*WHAT IS REQUIRED*.
Identify and pull out each line of the entries in which "BASE" occurs.

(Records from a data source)
• • •
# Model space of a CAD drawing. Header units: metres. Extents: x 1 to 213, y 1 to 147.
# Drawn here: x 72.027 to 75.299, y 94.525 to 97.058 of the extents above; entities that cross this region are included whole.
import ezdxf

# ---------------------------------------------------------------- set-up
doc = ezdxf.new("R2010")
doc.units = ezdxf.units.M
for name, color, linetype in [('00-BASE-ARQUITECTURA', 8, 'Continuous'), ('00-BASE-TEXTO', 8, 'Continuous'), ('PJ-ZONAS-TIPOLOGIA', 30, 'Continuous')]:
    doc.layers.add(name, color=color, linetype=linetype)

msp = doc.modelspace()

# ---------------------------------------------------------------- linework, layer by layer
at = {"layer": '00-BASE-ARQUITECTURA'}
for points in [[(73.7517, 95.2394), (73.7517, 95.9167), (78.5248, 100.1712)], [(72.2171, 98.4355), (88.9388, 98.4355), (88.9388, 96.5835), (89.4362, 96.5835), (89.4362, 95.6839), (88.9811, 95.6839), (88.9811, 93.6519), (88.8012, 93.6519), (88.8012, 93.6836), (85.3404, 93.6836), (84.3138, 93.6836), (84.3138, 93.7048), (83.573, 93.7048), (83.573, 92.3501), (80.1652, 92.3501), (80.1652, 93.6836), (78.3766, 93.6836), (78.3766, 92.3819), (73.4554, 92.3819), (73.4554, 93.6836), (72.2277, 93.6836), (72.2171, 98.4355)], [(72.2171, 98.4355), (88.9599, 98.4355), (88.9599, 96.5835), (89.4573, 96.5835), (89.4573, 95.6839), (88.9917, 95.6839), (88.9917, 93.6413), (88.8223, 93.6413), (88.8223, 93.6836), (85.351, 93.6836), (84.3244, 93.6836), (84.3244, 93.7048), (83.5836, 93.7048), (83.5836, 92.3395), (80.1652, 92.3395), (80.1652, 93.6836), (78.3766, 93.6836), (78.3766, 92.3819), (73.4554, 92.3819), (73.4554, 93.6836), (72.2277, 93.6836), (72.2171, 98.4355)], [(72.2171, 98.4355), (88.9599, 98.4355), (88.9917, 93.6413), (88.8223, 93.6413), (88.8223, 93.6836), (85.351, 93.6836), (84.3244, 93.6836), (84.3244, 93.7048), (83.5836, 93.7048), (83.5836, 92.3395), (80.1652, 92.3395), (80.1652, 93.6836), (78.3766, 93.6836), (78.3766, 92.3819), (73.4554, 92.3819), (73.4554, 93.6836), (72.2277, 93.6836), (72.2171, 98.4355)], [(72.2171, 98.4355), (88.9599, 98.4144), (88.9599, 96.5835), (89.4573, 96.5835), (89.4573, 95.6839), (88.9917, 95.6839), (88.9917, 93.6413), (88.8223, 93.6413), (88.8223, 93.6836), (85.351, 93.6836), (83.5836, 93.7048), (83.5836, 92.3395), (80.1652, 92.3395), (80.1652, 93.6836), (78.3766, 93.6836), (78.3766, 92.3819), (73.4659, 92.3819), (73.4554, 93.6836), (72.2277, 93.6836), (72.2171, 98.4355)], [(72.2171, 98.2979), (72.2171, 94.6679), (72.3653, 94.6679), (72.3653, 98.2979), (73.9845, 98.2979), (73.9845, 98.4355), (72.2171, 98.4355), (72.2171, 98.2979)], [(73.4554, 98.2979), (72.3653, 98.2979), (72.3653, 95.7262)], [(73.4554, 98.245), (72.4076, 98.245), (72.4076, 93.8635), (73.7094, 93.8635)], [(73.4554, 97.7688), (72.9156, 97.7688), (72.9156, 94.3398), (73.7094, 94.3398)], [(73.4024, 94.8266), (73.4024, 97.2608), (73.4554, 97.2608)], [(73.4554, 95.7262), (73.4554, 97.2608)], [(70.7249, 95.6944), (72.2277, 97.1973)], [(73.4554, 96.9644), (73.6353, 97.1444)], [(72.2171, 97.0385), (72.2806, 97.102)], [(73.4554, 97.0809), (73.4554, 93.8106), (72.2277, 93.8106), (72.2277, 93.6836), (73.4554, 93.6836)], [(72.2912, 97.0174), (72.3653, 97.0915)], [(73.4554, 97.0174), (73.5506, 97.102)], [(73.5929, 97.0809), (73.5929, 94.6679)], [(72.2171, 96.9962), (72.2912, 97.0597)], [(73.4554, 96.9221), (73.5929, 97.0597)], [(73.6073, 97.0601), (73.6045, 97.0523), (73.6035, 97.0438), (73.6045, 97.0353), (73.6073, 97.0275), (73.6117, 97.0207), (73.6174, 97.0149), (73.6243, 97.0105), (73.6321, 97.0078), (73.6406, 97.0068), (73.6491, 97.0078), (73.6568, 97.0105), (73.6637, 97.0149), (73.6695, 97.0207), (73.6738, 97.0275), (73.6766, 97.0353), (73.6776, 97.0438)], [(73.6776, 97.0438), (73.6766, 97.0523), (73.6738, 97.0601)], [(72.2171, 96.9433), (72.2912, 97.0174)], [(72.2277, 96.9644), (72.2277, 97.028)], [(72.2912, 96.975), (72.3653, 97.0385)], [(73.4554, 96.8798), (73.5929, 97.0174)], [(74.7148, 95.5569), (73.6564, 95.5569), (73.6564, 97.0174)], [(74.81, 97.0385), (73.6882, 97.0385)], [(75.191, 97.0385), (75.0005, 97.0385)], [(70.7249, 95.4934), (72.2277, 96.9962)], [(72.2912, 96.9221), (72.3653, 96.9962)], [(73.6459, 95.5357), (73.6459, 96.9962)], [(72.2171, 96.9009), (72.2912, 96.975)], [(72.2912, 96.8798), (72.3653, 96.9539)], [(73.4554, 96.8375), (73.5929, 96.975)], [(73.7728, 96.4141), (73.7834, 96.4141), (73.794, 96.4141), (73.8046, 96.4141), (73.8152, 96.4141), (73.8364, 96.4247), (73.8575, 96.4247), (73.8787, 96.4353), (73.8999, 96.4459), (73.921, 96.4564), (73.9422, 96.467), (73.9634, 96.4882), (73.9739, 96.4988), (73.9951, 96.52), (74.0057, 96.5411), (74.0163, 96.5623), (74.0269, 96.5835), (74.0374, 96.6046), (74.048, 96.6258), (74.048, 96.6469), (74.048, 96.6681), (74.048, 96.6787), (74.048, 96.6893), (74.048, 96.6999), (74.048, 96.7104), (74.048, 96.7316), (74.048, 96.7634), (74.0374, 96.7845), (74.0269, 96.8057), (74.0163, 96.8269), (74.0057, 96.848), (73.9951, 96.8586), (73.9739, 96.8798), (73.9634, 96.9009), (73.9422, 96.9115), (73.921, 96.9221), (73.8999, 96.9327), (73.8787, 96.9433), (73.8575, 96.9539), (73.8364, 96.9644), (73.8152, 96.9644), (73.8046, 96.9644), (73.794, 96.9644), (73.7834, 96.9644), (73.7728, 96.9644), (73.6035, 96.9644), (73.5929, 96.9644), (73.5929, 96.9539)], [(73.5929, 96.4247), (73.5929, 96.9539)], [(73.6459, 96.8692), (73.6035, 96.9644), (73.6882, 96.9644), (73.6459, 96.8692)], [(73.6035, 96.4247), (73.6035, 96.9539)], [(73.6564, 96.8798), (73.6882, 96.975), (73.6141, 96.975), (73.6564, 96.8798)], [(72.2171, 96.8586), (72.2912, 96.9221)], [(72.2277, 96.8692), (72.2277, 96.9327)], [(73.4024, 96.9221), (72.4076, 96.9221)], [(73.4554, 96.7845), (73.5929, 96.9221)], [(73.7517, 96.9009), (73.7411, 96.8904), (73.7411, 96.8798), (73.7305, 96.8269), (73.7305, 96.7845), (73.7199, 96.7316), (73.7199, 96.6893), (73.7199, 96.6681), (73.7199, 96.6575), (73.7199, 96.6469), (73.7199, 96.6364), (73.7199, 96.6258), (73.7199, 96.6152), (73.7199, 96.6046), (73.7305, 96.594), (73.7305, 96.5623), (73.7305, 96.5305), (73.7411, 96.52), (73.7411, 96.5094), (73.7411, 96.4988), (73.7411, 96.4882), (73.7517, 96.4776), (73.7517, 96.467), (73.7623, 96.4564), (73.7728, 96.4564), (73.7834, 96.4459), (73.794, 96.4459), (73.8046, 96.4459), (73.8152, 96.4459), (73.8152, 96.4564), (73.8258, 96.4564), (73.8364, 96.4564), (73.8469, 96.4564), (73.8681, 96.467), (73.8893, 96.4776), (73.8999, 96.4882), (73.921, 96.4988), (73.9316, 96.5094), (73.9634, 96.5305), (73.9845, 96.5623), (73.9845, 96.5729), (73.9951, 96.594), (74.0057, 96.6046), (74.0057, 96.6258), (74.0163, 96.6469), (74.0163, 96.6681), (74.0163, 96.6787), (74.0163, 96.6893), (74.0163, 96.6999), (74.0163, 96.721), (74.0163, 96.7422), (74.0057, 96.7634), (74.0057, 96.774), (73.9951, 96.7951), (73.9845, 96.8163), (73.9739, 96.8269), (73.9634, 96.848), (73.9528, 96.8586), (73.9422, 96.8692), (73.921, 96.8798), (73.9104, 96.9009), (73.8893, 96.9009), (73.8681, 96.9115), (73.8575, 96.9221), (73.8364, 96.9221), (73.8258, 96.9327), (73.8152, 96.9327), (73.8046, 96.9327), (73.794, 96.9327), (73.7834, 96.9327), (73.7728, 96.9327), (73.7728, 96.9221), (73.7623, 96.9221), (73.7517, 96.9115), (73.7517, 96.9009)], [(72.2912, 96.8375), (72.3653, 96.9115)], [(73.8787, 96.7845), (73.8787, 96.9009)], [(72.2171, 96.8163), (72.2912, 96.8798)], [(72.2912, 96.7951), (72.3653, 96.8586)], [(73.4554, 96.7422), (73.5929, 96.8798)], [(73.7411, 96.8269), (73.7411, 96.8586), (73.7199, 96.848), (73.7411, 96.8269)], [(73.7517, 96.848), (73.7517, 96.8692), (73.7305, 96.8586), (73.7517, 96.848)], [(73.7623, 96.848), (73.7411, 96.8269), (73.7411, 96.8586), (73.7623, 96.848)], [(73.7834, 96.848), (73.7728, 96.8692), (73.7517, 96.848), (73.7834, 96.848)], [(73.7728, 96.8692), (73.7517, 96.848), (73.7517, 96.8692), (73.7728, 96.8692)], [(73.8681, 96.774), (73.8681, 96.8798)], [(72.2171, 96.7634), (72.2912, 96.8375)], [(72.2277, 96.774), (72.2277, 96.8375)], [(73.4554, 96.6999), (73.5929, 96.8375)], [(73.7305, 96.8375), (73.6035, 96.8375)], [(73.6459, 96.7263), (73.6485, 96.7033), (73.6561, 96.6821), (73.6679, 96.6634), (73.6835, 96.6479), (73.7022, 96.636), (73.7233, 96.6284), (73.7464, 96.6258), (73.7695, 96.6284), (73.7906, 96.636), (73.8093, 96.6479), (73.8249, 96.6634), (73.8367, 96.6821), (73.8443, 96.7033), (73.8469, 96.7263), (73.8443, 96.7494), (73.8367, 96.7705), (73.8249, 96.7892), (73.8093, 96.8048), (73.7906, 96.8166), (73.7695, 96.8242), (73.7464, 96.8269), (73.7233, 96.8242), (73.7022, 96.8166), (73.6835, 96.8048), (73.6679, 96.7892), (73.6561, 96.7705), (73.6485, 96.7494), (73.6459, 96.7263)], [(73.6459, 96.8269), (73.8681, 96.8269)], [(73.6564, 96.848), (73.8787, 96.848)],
• • •
*WRITTEN SOLUTION*.
for name, color, linetype in [('00-BASE-ARQUITECTURA', 8, 'Continuous'), ('00-BASE-TEXTO', 8, 'Continuous'), ('PJ-ZONAS-TIPOLOGIA', 30, 'Continuous')]:
at = {"layer": '00-BASE-ARQUITECTURA'}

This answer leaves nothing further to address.